Problem statement: Omit pictures and quote the listing below line by line, from its start through the line that holds "Density: 1.29 g/cm^3".
····················
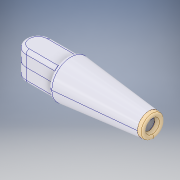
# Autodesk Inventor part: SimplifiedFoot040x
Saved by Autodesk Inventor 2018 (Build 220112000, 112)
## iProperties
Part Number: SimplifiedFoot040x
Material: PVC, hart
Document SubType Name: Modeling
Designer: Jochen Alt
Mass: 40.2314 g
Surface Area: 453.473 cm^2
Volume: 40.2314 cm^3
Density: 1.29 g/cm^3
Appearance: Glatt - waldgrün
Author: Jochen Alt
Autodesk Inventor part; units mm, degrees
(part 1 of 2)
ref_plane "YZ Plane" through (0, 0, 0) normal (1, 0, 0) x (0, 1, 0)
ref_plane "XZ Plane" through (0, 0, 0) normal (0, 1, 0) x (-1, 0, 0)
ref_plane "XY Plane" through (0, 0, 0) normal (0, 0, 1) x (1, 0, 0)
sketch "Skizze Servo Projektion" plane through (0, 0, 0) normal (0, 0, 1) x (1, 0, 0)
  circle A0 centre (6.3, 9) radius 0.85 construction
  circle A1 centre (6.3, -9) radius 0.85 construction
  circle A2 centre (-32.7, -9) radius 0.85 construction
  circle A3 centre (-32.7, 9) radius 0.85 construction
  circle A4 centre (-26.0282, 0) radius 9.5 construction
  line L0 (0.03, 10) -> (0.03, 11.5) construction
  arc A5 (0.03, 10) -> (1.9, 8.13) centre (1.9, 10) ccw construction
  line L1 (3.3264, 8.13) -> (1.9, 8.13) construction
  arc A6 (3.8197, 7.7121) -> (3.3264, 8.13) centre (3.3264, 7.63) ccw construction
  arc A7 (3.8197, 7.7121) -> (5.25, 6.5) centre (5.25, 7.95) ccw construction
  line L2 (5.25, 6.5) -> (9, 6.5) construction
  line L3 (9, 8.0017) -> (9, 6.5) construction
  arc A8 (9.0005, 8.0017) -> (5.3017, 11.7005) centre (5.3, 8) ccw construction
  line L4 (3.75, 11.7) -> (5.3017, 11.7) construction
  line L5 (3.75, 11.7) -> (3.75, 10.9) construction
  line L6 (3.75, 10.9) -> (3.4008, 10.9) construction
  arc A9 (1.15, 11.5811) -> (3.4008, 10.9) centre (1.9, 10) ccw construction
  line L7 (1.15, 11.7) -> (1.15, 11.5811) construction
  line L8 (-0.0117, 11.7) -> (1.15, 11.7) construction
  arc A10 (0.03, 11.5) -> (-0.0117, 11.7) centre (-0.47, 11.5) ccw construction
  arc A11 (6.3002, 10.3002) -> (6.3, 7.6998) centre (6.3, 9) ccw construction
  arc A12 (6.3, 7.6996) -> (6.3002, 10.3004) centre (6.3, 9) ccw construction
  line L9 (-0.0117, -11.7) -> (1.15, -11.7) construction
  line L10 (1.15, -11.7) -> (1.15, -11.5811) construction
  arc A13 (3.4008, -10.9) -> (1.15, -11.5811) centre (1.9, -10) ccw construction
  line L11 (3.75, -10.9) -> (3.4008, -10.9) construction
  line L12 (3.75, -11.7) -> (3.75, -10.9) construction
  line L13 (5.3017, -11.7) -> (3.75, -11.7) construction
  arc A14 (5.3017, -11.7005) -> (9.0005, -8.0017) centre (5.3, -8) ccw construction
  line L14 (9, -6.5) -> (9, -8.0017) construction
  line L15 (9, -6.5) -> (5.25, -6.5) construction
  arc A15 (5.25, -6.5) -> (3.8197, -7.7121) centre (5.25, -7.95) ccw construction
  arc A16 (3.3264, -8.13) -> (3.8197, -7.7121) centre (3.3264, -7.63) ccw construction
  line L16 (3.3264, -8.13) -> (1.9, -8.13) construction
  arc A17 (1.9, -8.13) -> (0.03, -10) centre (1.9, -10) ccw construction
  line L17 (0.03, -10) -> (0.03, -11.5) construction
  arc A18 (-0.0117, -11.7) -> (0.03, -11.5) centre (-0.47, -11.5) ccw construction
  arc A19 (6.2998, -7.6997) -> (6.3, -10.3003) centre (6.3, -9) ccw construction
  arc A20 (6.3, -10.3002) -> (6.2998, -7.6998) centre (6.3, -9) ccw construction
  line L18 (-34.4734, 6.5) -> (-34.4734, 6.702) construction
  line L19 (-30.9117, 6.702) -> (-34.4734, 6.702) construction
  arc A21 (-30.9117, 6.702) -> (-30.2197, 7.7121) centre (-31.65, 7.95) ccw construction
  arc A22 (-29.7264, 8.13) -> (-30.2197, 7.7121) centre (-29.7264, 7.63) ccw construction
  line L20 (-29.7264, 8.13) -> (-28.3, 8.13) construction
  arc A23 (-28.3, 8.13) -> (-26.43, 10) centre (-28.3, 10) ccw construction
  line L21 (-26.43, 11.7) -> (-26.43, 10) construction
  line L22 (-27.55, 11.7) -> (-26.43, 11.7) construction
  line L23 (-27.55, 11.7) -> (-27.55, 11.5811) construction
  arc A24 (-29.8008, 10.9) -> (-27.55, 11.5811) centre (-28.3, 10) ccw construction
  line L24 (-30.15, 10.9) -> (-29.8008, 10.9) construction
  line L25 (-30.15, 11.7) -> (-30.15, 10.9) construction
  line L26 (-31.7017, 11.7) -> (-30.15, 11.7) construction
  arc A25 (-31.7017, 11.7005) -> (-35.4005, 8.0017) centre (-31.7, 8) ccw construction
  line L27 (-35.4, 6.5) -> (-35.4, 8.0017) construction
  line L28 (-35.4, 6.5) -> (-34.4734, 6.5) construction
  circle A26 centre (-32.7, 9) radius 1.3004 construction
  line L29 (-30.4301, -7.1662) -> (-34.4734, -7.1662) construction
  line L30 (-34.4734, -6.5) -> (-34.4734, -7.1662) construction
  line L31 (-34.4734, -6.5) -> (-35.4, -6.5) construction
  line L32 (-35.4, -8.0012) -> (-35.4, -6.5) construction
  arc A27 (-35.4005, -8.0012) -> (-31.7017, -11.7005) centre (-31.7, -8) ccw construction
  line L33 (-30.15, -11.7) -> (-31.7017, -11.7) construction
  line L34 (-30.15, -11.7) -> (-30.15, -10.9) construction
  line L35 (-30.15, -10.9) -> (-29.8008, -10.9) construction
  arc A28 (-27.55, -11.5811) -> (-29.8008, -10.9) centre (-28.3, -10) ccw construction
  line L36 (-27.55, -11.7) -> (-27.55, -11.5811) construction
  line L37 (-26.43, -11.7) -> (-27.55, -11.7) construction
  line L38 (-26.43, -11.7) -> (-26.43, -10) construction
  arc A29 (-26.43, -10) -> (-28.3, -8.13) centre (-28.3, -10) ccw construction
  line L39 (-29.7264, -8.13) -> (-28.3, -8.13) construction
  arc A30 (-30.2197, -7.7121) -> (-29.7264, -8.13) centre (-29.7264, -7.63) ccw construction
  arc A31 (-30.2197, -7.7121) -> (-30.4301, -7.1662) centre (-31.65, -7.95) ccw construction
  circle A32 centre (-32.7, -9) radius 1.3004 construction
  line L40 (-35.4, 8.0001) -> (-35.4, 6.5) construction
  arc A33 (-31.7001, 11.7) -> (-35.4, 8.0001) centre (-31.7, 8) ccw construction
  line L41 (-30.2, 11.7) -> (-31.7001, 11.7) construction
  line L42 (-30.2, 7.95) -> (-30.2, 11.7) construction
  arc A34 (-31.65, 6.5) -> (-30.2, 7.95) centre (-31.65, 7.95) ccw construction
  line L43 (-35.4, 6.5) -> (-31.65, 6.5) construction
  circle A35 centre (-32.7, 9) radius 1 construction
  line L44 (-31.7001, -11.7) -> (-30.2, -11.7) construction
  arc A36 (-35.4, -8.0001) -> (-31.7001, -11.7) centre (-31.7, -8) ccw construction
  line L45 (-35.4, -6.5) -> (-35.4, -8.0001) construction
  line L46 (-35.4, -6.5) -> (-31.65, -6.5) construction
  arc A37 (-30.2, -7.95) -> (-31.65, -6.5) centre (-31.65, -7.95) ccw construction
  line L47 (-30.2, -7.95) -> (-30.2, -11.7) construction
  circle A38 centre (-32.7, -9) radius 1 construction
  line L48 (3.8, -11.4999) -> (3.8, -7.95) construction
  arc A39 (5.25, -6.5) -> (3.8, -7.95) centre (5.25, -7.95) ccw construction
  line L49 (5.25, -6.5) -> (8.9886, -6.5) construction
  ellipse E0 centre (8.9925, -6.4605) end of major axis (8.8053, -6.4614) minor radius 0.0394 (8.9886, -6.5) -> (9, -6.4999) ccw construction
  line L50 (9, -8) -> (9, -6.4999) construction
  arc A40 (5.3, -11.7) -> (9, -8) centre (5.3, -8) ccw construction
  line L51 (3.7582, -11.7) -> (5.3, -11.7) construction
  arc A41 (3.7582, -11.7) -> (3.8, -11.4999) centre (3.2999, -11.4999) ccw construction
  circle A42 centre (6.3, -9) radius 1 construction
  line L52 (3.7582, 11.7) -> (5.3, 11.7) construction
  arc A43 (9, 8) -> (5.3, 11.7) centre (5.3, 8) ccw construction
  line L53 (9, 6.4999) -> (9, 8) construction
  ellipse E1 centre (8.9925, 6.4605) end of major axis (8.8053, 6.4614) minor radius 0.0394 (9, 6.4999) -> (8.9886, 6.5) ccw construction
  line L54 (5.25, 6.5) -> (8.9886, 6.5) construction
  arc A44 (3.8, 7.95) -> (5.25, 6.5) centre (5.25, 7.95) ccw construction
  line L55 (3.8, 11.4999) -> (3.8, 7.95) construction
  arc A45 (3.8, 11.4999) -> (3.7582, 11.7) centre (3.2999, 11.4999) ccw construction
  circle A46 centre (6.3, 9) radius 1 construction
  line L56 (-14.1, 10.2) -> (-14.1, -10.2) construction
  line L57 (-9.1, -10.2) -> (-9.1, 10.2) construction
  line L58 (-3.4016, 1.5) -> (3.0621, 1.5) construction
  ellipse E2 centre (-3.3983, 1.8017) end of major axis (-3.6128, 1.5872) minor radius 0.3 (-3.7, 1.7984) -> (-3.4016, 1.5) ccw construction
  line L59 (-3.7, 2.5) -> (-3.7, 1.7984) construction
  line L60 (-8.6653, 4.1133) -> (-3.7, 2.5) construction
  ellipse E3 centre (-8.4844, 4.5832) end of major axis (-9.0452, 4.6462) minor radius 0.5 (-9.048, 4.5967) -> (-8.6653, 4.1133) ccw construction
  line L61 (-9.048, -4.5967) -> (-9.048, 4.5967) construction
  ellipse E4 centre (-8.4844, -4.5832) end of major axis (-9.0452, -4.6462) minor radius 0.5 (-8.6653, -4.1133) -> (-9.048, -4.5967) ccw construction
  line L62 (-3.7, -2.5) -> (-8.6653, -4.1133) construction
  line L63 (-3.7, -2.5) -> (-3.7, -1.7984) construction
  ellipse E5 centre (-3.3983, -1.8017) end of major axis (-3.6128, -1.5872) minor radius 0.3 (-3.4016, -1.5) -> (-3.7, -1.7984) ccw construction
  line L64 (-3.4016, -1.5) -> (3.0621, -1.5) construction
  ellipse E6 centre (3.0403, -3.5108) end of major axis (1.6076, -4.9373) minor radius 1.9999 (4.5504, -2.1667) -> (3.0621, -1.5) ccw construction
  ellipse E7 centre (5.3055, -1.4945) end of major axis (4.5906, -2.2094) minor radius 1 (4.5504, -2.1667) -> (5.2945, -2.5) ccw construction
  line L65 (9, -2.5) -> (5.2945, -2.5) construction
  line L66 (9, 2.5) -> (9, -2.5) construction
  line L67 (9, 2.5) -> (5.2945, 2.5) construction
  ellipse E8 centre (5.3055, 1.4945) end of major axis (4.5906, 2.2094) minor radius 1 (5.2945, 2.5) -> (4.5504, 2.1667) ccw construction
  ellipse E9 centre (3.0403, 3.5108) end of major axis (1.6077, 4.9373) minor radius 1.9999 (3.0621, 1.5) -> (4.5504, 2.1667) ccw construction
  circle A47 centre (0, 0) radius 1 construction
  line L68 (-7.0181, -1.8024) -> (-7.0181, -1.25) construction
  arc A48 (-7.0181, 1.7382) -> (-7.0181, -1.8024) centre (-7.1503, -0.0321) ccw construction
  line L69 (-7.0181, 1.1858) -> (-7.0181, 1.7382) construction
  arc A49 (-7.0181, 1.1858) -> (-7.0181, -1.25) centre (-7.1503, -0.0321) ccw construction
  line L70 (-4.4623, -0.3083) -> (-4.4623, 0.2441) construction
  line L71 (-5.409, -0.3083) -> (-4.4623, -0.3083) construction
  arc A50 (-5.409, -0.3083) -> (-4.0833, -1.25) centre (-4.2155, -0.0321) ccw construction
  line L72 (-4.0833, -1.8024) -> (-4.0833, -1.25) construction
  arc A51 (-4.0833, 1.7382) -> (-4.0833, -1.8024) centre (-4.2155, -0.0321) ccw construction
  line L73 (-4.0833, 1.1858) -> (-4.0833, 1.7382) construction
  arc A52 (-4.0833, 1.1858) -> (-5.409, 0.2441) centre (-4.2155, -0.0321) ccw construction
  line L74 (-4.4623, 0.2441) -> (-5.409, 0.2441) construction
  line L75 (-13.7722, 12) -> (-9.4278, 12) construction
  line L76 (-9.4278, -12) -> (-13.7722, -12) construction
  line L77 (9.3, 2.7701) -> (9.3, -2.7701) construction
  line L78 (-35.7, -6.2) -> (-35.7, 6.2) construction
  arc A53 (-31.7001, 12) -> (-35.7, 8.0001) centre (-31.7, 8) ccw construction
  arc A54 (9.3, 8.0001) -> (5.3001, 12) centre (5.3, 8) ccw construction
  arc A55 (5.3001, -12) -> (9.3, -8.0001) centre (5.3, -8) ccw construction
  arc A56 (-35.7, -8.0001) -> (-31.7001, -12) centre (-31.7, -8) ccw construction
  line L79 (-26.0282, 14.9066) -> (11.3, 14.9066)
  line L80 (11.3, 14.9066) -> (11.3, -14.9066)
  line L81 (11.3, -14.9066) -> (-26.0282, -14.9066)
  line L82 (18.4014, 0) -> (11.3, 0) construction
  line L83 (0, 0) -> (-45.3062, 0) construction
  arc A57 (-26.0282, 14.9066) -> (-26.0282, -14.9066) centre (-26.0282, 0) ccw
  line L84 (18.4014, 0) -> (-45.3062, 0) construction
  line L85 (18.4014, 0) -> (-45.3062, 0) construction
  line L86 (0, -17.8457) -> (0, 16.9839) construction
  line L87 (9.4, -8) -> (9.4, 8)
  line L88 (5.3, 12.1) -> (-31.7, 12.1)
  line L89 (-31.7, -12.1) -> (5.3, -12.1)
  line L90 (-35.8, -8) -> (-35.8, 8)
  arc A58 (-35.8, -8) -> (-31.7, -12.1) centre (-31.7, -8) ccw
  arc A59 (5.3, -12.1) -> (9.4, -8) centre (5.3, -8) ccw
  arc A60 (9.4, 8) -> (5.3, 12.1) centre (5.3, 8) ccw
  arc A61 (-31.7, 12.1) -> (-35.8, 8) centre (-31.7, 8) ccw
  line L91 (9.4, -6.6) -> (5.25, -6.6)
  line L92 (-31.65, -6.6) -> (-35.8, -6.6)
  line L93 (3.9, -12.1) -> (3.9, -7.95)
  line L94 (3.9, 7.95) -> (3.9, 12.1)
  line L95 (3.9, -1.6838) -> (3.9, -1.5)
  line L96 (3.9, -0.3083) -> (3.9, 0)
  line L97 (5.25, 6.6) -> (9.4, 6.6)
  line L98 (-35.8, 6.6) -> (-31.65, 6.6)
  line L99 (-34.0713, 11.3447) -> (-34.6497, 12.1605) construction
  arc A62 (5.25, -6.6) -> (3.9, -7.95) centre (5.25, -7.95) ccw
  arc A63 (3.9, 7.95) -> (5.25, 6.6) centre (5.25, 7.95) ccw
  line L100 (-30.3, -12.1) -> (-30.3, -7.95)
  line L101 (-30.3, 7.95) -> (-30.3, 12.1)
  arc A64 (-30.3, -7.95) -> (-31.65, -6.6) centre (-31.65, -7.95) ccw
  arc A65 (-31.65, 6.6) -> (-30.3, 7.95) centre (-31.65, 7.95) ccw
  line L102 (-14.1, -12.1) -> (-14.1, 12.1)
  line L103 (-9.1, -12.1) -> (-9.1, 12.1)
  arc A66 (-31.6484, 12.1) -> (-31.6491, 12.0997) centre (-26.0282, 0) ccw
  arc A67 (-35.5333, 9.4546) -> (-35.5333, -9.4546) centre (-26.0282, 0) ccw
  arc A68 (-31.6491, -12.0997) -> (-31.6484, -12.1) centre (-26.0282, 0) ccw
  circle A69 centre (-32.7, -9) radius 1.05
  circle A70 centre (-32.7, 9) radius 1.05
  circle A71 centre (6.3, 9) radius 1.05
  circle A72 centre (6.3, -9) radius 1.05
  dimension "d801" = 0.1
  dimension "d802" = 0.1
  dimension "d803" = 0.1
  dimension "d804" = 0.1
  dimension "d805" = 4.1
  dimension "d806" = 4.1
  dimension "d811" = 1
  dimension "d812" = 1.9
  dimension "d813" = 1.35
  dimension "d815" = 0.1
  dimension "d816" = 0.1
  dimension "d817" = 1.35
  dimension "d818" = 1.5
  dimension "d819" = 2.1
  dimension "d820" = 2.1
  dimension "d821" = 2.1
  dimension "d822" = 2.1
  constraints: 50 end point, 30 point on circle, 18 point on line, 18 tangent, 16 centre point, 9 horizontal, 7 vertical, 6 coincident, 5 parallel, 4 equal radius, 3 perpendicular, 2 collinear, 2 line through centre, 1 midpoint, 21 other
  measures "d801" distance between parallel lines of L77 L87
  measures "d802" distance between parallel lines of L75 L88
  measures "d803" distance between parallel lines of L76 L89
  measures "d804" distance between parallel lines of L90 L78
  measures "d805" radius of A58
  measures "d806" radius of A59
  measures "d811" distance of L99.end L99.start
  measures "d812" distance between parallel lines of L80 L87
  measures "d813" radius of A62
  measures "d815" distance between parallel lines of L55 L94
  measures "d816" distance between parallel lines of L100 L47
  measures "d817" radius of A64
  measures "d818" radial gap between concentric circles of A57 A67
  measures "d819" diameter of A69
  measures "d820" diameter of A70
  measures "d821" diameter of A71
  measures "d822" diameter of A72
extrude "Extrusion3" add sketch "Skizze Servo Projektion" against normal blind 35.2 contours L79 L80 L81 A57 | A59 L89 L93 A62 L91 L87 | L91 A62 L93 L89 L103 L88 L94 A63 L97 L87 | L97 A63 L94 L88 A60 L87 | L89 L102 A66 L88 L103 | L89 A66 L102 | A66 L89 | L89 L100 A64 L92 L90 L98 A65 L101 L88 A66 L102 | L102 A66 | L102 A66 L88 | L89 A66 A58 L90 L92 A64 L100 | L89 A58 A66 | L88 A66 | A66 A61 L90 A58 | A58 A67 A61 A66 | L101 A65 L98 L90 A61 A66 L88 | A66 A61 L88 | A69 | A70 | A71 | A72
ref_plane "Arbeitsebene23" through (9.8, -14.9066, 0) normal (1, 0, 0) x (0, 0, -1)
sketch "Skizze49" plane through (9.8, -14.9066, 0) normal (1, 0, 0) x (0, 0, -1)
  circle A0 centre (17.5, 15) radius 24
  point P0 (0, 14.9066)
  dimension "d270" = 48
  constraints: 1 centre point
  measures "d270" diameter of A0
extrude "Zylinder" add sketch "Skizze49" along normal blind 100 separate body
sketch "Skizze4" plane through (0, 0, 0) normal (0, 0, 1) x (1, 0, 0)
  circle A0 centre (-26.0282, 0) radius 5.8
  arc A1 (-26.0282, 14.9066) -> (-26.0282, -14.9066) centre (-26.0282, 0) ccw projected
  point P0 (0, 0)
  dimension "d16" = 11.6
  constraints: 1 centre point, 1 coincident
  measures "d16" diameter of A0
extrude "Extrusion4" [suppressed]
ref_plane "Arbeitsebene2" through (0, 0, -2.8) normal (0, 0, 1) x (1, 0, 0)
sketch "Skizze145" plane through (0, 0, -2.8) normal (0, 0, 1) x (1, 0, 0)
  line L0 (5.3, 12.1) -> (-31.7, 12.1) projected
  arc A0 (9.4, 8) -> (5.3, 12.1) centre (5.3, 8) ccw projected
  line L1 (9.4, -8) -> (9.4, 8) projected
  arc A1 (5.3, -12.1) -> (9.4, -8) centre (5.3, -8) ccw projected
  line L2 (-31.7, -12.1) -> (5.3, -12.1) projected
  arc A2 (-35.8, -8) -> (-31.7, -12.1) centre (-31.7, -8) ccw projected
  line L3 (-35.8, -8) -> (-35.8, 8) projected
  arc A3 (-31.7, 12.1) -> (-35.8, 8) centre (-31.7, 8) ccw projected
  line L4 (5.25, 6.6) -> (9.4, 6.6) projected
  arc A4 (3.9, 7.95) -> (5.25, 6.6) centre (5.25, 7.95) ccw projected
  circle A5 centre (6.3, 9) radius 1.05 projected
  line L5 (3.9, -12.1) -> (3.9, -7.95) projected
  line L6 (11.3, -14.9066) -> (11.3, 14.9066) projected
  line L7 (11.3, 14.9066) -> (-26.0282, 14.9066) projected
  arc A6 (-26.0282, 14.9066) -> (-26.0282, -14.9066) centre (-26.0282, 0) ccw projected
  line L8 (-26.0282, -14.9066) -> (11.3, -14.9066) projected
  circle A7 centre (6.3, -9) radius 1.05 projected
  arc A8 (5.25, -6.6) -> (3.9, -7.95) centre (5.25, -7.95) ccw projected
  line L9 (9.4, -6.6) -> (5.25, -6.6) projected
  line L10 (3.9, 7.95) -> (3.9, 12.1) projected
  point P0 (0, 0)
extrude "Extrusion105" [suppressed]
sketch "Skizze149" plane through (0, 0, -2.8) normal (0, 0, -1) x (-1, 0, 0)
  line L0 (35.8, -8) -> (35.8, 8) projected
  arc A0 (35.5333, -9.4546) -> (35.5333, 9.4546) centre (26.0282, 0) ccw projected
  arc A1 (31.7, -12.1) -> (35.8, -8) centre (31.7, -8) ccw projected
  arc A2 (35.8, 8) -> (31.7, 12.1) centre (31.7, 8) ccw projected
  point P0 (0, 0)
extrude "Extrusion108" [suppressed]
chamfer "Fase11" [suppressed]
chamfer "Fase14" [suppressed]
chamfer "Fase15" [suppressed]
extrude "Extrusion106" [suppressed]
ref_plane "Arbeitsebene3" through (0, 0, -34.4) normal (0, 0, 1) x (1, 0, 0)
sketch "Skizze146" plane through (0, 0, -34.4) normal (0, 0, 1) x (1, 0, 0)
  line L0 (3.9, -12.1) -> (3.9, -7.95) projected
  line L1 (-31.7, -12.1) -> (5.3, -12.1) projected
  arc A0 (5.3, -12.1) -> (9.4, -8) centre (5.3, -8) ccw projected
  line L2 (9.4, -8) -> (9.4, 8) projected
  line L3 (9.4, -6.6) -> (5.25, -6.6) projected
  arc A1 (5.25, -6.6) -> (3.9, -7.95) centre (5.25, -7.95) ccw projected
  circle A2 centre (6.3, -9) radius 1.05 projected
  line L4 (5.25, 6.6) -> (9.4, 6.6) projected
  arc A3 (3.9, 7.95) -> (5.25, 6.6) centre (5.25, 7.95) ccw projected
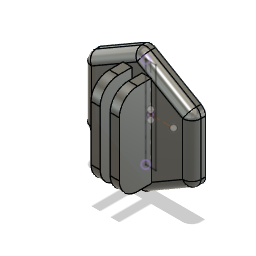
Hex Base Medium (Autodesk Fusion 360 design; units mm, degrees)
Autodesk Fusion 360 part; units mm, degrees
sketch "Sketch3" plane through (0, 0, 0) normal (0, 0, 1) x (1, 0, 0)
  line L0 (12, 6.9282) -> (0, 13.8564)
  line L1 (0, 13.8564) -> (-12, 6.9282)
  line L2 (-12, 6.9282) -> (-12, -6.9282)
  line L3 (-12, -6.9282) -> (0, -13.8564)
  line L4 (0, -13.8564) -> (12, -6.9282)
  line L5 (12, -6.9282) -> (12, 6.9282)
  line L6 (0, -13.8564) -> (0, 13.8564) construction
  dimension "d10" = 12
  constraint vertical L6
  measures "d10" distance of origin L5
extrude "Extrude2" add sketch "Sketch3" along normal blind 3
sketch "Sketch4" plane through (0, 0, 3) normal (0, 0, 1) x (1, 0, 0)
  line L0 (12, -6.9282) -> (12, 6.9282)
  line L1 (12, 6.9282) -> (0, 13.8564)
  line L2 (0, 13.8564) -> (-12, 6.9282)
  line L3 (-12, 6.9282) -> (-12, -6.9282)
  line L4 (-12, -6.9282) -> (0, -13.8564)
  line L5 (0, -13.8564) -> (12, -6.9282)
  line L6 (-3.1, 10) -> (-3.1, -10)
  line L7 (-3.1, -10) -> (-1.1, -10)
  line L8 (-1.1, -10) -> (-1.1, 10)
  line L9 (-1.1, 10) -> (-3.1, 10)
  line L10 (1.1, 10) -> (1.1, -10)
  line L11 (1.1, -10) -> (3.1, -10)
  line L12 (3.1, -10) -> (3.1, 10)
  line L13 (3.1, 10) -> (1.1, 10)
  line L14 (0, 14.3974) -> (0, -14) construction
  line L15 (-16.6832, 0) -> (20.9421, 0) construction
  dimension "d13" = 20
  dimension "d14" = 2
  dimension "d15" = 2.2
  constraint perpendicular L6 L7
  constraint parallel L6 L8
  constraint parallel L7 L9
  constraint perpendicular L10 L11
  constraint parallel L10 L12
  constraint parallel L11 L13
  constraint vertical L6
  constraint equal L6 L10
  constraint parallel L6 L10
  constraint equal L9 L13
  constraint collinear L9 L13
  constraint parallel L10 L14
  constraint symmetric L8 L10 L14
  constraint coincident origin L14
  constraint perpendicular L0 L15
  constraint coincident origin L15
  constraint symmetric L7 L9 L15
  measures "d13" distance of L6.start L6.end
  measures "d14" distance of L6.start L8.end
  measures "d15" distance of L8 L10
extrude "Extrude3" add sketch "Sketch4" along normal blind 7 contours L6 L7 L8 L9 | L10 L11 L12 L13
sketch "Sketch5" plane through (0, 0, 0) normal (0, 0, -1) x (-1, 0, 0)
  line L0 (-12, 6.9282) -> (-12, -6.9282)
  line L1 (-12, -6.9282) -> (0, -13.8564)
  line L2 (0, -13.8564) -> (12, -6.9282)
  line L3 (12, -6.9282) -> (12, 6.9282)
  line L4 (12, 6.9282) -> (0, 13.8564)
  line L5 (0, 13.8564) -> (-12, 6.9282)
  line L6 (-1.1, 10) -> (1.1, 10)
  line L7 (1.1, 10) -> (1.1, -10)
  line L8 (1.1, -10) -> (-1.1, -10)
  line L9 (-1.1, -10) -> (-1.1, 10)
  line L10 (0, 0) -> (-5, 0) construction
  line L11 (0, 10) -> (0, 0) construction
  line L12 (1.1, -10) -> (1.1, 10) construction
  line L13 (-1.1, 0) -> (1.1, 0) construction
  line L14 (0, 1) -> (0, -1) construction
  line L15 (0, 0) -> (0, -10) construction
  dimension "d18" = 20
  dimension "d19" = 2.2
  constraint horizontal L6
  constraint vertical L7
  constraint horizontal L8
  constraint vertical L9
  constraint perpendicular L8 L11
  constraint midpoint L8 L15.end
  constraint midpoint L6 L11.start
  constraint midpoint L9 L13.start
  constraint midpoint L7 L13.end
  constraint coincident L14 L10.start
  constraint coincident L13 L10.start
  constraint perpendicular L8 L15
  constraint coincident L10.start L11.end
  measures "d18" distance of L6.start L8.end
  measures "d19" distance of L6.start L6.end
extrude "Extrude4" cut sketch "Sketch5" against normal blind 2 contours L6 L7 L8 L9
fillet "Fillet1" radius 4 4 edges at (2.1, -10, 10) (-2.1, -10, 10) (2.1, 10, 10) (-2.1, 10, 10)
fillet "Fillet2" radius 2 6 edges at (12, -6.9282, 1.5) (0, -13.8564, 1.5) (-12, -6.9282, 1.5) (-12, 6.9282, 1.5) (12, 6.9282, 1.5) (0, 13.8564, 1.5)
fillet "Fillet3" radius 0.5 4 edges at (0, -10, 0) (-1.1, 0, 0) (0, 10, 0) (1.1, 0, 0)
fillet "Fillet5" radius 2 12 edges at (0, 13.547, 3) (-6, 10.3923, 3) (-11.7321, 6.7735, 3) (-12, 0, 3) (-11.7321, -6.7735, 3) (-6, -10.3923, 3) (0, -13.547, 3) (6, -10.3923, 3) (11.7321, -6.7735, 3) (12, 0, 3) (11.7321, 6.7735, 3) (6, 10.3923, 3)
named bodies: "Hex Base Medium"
····················
Solution to the problem:
# Autodesk Inventor part: SimplifiedFoot040x
Saved by Autodesk Inventor 2018 (Build 220112000, 112)
## iProperties
Part Number: SimplifiedFoot040x
Material: PVC, hart
Document SubType Name: Modeling
Designer: Jochen Alt
Mass: 40.2314 g
Surface Area: 453.473 cm^2
Volume: 40.2314 cm^3
Density: 1.29 g/cm^3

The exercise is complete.